=== Begin Enclosure ===

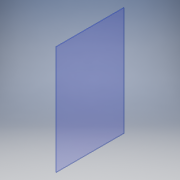
# Autodesk Inventor part: BellyPan
Saved by Autodesk Inventor 2019 (Build 230136000, 136)
## iProperties
Created: 2020-01-24
Part Number: BellyPan
Material: Generic
Document SubType Name: Modeling
Designer: james
Density: 1 g/cm^3
Appearance: Clear - Blue
Author: james
Autodesk Inventor part; units mm, degrees
ref_plane "YZ Plane" through (0, 0, 0) normal (1, 0, 0) x (0, 1, 0)
ref_plane "XZ Plane" through (0, 0, 0) normal (0, 1, 0) x (-1, 0, 0)
ref_plane "XY Plane" through (0, 0, 0) normal (0, 0, 1) x (1, 0, 0)
sketch "Sketch1" plane through (0, 0, 0) normal (1, 0, 0) x (0, 1, 0)
  line L0 (796.0794, 324.8073) -> (-10.3706, 324.8073)
  line L1 (-10.3706, 324.8073) -> (-10.3706, -176.8427)
  line L2 (-10.3706, -176.8427) -> (796.0794, -176.8427)
  line L3 (796.0794, -176.8427) -> (796.0794, 324.8073)
  point P0 (0, 0)
  dimension "d0" = 501.65
  dimension "d1" = 806.45
  constraints: 8 end point, 2 parallel, 1 horizontal, 1 perpendicular
  measures "d0" distance of L0.end L1.end
  measures "d1" distance of L0.start L0.end
extrude "Extrusion1" add sketch "Sketch1" along normal blind 4.7625
body "Solid1"

=== End Enclosure ===

= EXERCISE INSTRUCTIONS =
Once the pictures are removed, return the entries exactly as they stand.

= YOUR SOLUTION =
# Autodesk Inventor part: BellyPan
Saved by Autodesk Inventor 2019 (Build 230136000, 136)
## iProperties
Created: 2020-01-24
Part Number: BellyPan
Material: Generic
Document SubType Name: Modeling
Designer: james
Density: 1 g/cm^3
Appearance: Clear - Blue
Author: james
Autodesk Inventor part; units mm, degrees
ref_plane "YZ Plane" through (0, 0, 0) normal (1, 0, 0) x (0, 1, 0)
ref_plane "XZ Plane" through (0, 0, 0) normal (0, 1, 0) x (-1, 0, 0)
ref_plane "XY Plane" through (0, 0, 0) normal (0, 0, 1) x (1, 0, 0)
sketch "Sketch1" plane through (0, 0, 0) normal (1, 0, 0) x (0, 1, 0)
  line L0 (796.0794, 324.8073) -> (-10.3706, 324.8073)
  line L1 (-10.3706, 324.8073) -> (-10.3706, -176.8427)
  line L2 (-10.3706, -176.8427) -> (796.0794, -176.8427)
  line L3 (796.0794, -176.8427) -> (796.0794, 324.8073)
  point P0 (0, 0)
  dimension "d0" = 501.65
  dimension "d1" = 806.45
  constraints: 8 end point, 2 parallel, 1 horizontal, 1 perpendicular
  measures "d0" distance of L0.end L1.end
  measures "d1" distance of L0.start L0.end
extrude "Extrusion1" add sketch "Sketch1" along normal blind 4.7625
body "Solid1"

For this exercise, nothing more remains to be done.